Exercise objective => Each line of the records that holds "IqReference" should be shown in full.
________
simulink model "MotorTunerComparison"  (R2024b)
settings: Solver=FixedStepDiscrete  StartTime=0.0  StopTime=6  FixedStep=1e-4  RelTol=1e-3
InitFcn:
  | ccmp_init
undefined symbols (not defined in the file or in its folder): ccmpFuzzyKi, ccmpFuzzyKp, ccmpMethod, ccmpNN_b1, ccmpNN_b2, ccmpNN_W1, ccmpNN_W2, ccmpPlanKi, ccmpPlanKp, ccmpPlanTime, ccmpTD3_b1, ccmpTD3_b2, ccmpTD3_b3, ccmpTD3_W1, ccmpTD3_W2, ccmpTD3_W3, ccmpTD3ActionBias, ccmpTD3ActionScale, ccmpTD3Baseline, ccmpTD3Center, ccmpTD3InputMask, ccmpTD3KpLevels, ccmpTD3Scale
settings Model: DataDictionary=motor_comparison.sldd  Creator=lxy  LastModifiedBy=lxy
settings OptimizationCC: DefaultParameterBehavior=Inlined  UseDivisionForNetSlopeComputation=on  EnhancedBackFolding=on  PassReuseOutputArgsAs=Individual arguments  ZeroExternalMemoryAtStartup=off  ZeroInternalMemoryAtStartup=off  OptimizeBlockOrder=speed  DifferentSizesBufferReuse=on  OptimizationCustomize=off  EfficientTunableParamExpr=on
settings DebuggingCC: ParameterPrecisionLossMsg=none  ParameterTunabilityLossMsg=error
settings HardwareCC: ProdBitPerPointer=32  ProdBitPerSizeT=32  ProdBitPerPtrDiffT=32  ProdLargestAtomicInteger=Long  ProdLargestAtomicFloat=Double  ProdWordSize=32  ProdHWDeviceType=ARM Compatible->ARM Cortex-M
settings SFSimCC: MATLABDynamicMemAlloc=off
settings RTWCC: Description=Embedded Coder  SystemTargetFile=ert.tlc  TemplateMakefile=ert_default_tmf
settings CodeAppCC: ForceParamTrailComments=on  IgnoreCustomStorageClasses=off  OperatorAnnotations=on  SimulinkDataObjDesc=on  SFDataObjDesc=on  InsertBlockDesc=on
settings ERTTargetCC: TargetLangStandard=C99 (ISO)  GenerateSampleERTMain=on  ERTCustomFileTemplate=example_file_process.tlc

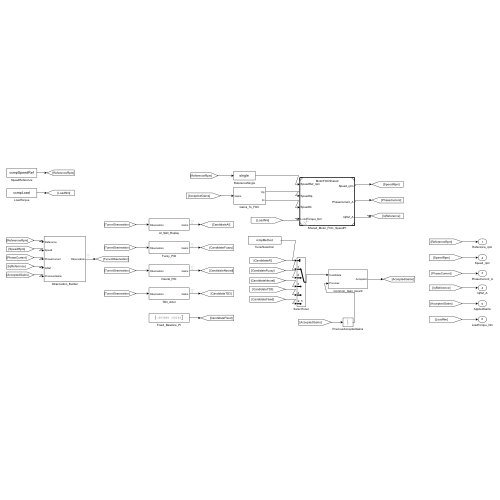
[thumbnail: Simulink's stored preview of the top-level diagram]
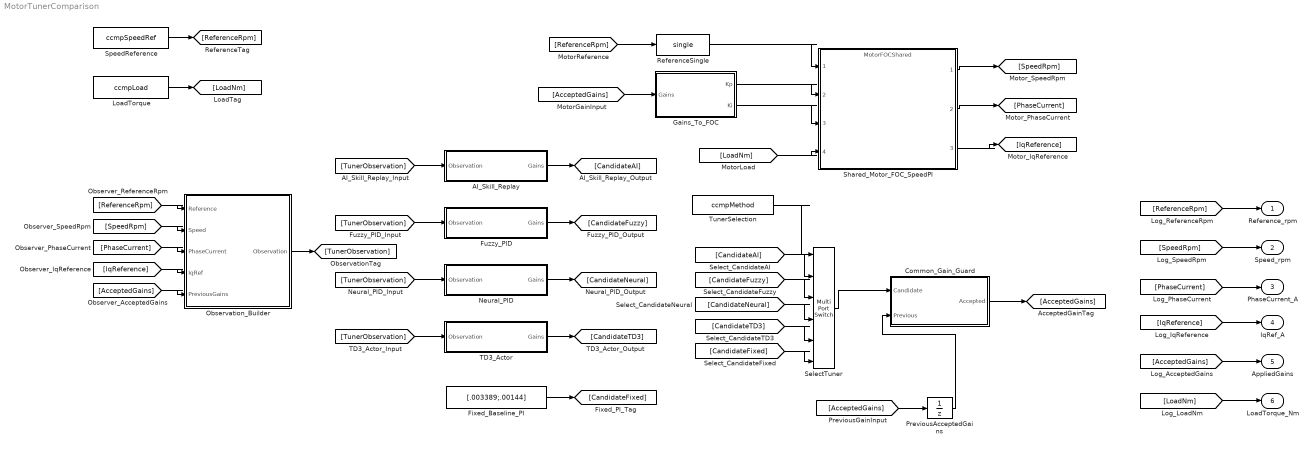
== system MotorTunerComparison ==
  AI_Skill_Replay : Subsystem
  Common_Gain_Guard : Subsystem
  Fixed_Baseline_PI : Constant  Value=[.003389;.00144]  SampleTime=0.1
  Fuzzy_PID : Subsystem
  Gains_To_FOC : Subsystem
  LoadTorque : FromWorkspace  VariableName=ccmpLoad  SampleTime=1e-4  Interpolate=off  OutputAfterFinalValue=Holding final value
  Neural_PID : Subsystem
  Observation_Builder : Subsystem
  PreviousAcceptedGains : UnitDelay  InitialCondition=[.003389;.00144]  SampleTime=0.1
  ReferenceSingle : DataTypeConversion  OutDataTypeStr=single
  SelectTuner : MultiPortSwitch  Inputs=5
  Shared_Motor_FOC_SpeedPI : ModelReference  ModelNameDialog=MotorFOCShared  SimulationMode=Normal  ModelReferenceVersion=7.2
  SpeedReference : FromWorkspace  VariableName=ccmpSpeedRef  SampleTime=1e-4  Interpolate=off  OutputAfterFinalValue=Holding final value
  TD3_Actor : Subsystem
  TunerSelection : Constant  Value=ccmpMethod  SampleTime=0.1
  Reference_rpm : Outport
  Speed_rpm : Outport  Port=2
  PhaseCurrent_A : Outport  Port=3
  IqRef_A : Outport  Port=4
  AppliedGains : Outport  Port=5
  LoadTorque_Nm : Outport  Port=6
  wires:
  [LoadNm] -> LoadTorque_Nm/1
  [AcceptedGains] -> AppliedGains/1
  [IqReference] -> IqRef_A/1
  [PhaseCurrent] -> PhaseCurrent_A/1
  [SpeedRpm] -> Speed_rpm/1
  [ReferenceRpm] -> Reference_rpm/1
  Shared_Motor_FOC_SpeedPI/3 -> [IqReference]
  Shared_Motor_FOC_SpeedPI/2 -> [PhaseCurrent]
  Shared_Motor_FOC_SpeedPI/1 -> [SpeedRpm]
  [LoadNm] -> Shared_Motor_FOC_SpeedPI/4
  ReferenceSingle/1 -> Shared_Motor_FOC_SpeedPI/1
  [ReferenceRpm] -> ReferenceSingle/1
  Gains_To_FOC/2(Ki) -> Shared_Motor_FOC_SpeedPI/3
  Gains_To_FOC/1(Kp) -> Shared_Motor_FOC_SpeedPI/2
  [AcceptedGains] -> Gains_To_FOC/1(Gains)
  Common_Gain_Guard/1(Accepted) -> [AcceptedGains]
  PreviousAcceptedGains/1 -> Common_Gain_Guard/2(Previous)
  [AcceptedGains] -> PreviousAcceptedGains/1
  SelectTuner/1 -> Common_Gain_Guard/1(Candidate)
  [CandidateFixed] -> SelectTuner/6
  [CandidateTD3] -> SelectTuner/5
  [CandidateNeural] -> SelectTuner/4
  [CandidateFuzzy] -> SelectTuner/3
  [CandidateAI] -> SelectTuner/2
  TunerSelection/1 -> SelectTuner/1
  Fixed_Baseline_PI/1 -> [CandidateFixed]
  TD3_Actor/1(Gains) -> [CandidateTD3]
  [TunerObservation] -> TD3_Actor/1(Observation)
  Neural_PID/1(Gains) -> [CandidateNeural]
  [TunerObservation] -> Neural_PID/1(Observation)
  Fuzzy_PID/1(Gains) -> [CandidateFuzzy]
  [TunerObservation] -> Fuzzy_PID/1(Observation)
  AI_Skill_Replay/1(Gains) -> [CandidateAI]
  [TunerObservation] -> AI_Skill_Replay/1(Observation)
  Observation_Builder/1(Observation) -> [TunerObservation]
  [AcceptedGains] -> Observation_Builder/5(PreviousGains)
  [IqReference] -> Observation_Builder/4(IqRef)
  [PhaseCurrent] -> Observation_Builder/3(PhaseCurrent)
  [SpeedRpm] -> Observation_Builder/2(Speed)
  [ReferenceRpm] -> Observation_Builder/1(Reference)
  LoadTorque/1 -> [LoadNm]
  SpeedReference/1 -> [ReferenceRpm]

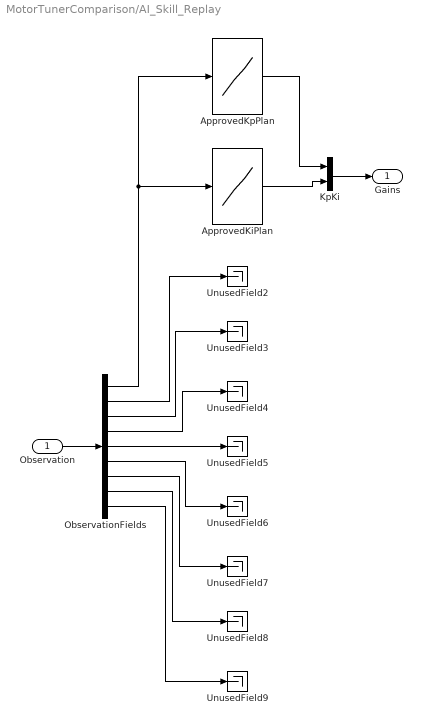
== system MotorTunerComparison/AI_Skill_Replay ==
  Observation : Inport
  ApprovedKiPlan : Lookup_n-D  NumberOfTableDimensions=1  BreakpointsForDimension1=ccmpPlanTime  Table=ccmpPlanKi  InterpMethod=Flat  ExtrapMethod=Clip
  ApprovedKpPlan : Lookup_n-D  NumberOfTableDimensions=1  BreakpointsForDimension1=ccmpPlanTime  Table=ccmpPlanKp  InterpMethod=Flat  ExtrapMethod=Clip
  KpKi : Mux  Inputs=2
  ObservationFields : Demux  Outputs=9
  UnusedField{2..9} (8 alike) : Terminator
  Gains : Outport
  wires:
  KpKi/1 -> Gains/1
  ApprovedKiPlan/1 -> KpKi/2
  ApprovedKpPlan/1 -> KpKi/1
  ObservationFields/1 -> ApprovedKpPlan/1, ApprovedKiPlan/1
  ObservationFields/9 -> UnusedField9/1
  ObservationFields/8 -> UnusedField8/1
________
Exercise response =>
  [IqReference] -> IqRef_A/1
  Shared_Motor_FOC_SpeedPI/3 -> [IqReference]
  [IqReference] -> Observation_Builder/4(IqRef)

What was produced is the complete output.